When we move through urban spaces, we are always both “reading” and “writing" the city. We read the built environment and the social uses of space within it, decoding messages about where and how to move, about who or what is (un)welcome and (un)valued, about historical trajectories and future possibilities, and about identity and power. A multitude of actors co-write the city and its messages, from powerful players like municipal governments, corporations, and cultural institutions to grassroots organizations, residents, and visitors, and onward to platforms, algorithms, and global flows of capital, goods, and ideas. This course invites students to 1) explore the practices and organizations that communicate about and through cities (e.g. city diplomacy and city branding, urban planning and place-making, sports and mega-events, local journalism, community organizing); 2) interrogate how the urban built environment itself communicates (e.g. through architecture, (in)accessible design, signage and murals, the aesthetics of gentrification); and 3) examine how communication networks shape city life (e.g. platform urbanism, smart city tech, policing and surveillance). Power, inequality, and the opportunities for challenging them will be core themes throughout. We will study key theories for thinking critically about cities and for imagining more just urban futures. And we will learn from the practical, timely insights and experiences of guest speakers from Philadelphia and beyond.

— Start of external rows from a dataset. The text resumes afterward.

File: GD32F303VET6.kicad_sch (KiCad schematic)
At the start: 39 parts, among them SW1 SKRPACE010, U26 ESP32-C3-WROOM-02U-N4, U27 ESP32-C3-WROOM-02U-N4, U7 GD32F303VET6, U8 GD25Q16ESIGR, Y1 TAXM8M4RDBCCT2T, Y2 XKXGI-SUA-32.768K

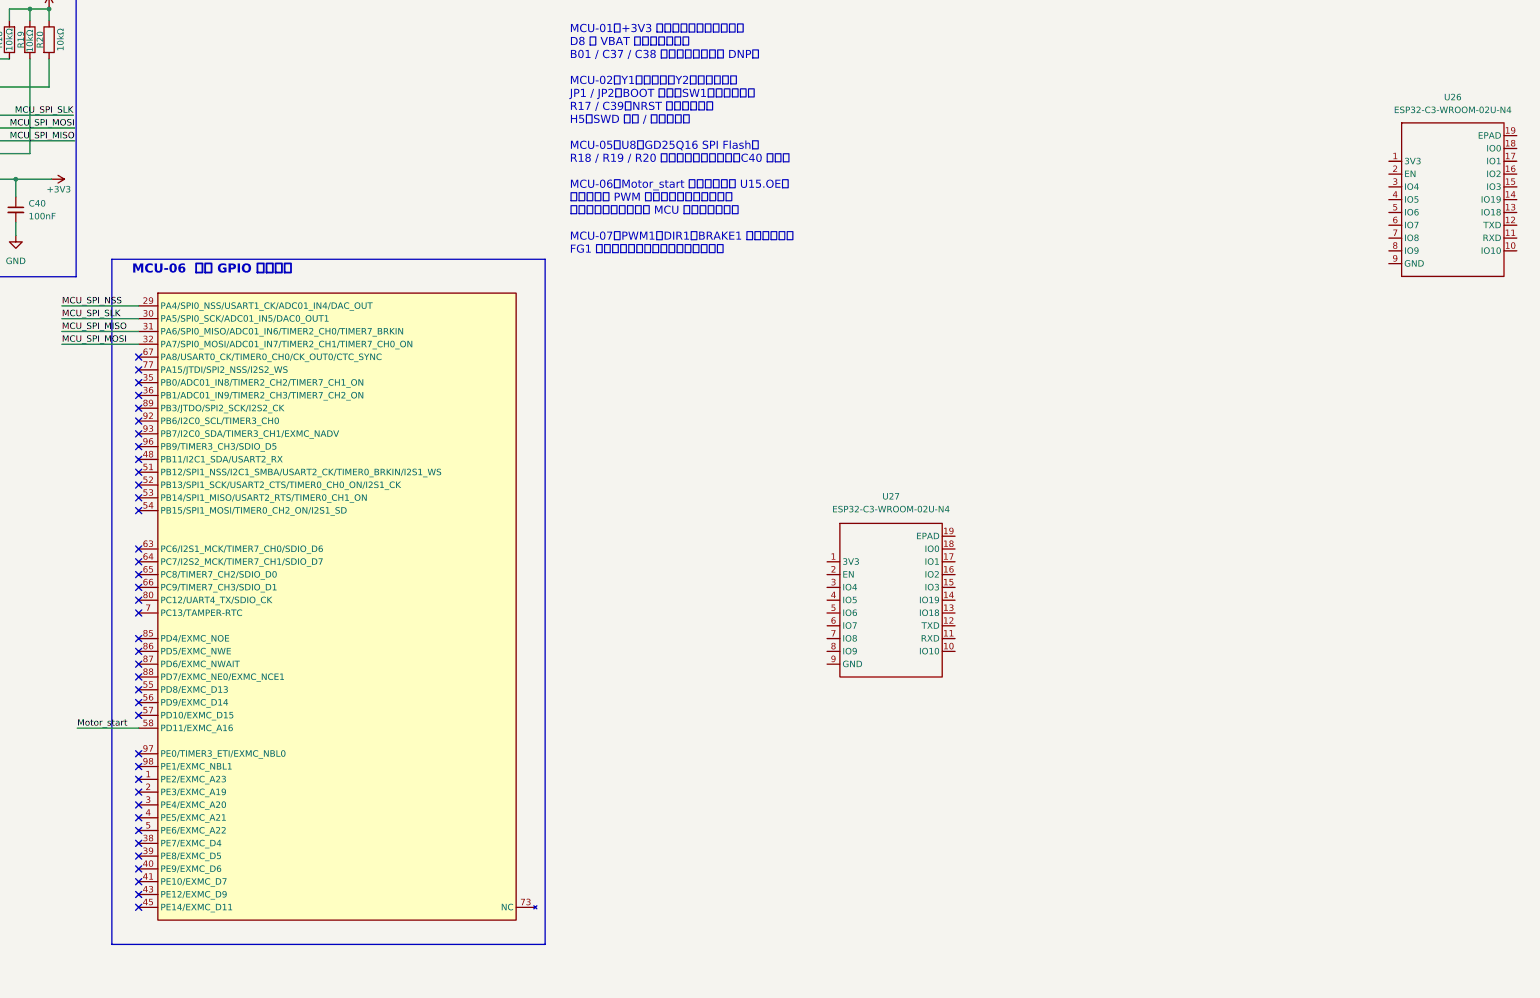
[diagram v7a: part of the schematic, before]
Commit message: V2.0: add minimal ESP32-C3 Wi-Fi OTA hardware and save current PCB layout
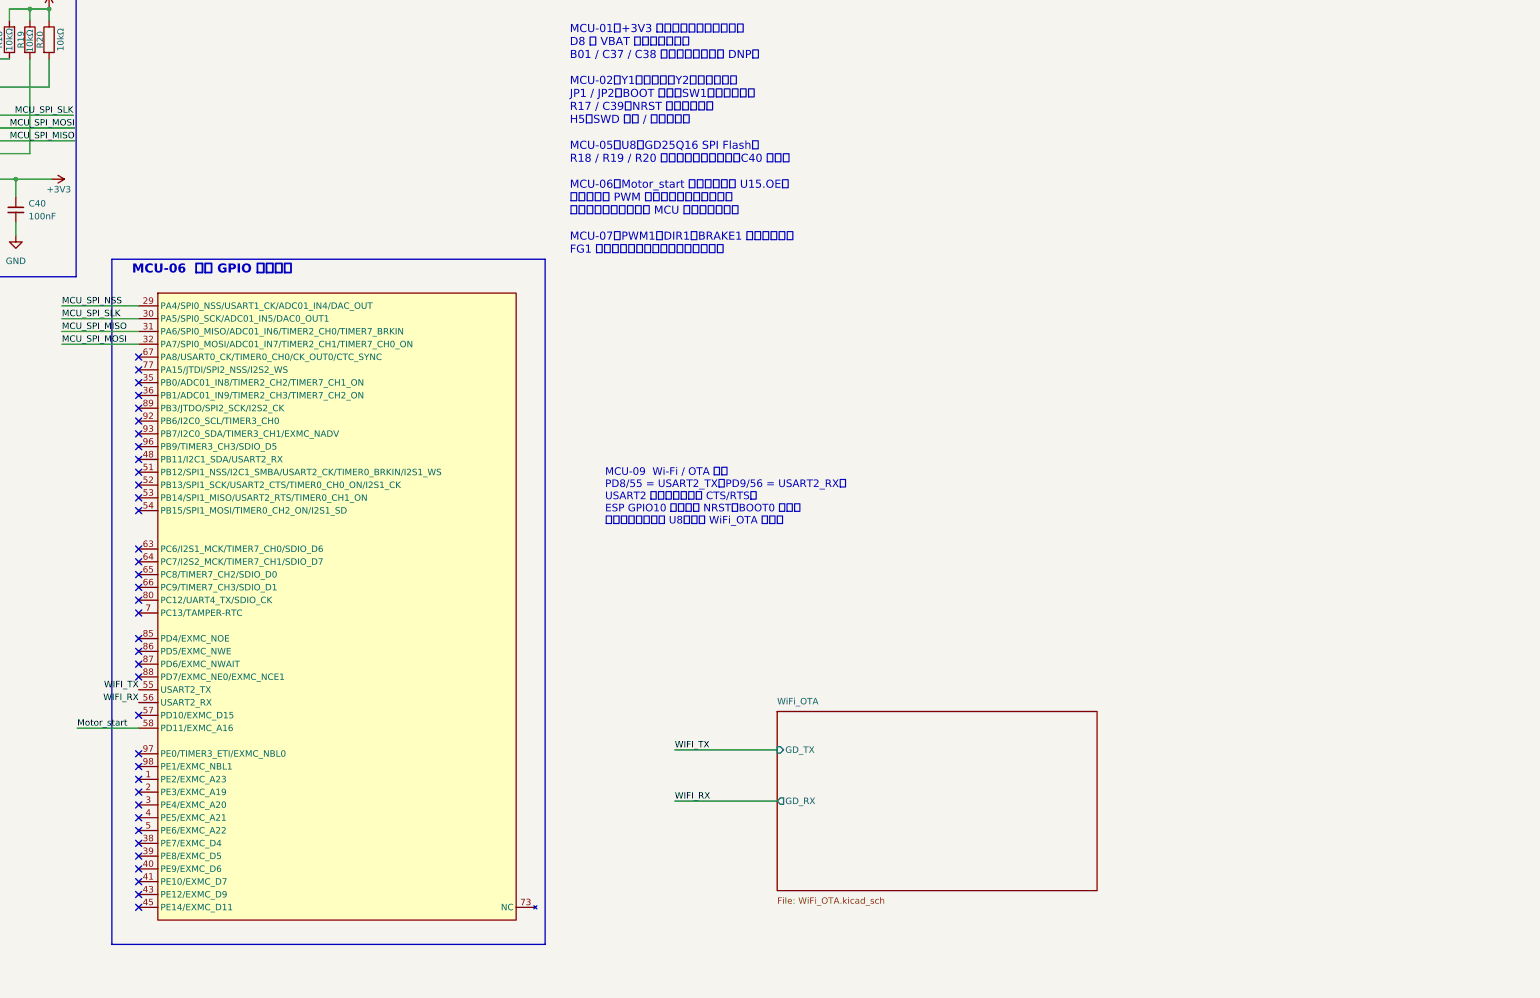
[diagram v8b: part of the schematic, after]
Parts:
- removed U26, U27: ESP32-C3-WROOM-02U-N4, kicad_api_lib:ESP32-C3-WROOM-02U-N4, symbol ESP32-C3-WROOM-02U-N4:ESP32-C3-WROOM-02U-N4
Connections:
- net WIFI_TX: now reaches U7.55 (PD8/EXMC_D13)
- net WIFI_RX: now reaches U7.56 (PD9/EXMC_D14)
- no-connect marks 41 -> 39
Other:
- added sheet WiFi_OTA (WiFi_OTA.kicad_sch)
- note added: "MCU-09 Wi-Fi / OTA 接口 PD8/55 = USART2_TX；PD9/56 = USART2_RX。 USART2 全重映射；关闭 CTS/RTS。 ESP GPIO10 开漏控制 NRST；BOOT0 不变。 升级缓存使用现有 U8，详见 WiFi_OTA 子页。"

Introduction to Political Communication
- Fall 2024
- Fall 2023
This course is an introduction to the field of political communication and conceptual approaches to analyzing communication in various forms, including advertising, speech making, campaign debates, and candidates' and office-holders' uses of social media and efforts to frame news. The focus of this course is on the interplay in the U.S. between media and politics. The course includes a history of campaign practices from the 1952 presidential contest through the election of 2020.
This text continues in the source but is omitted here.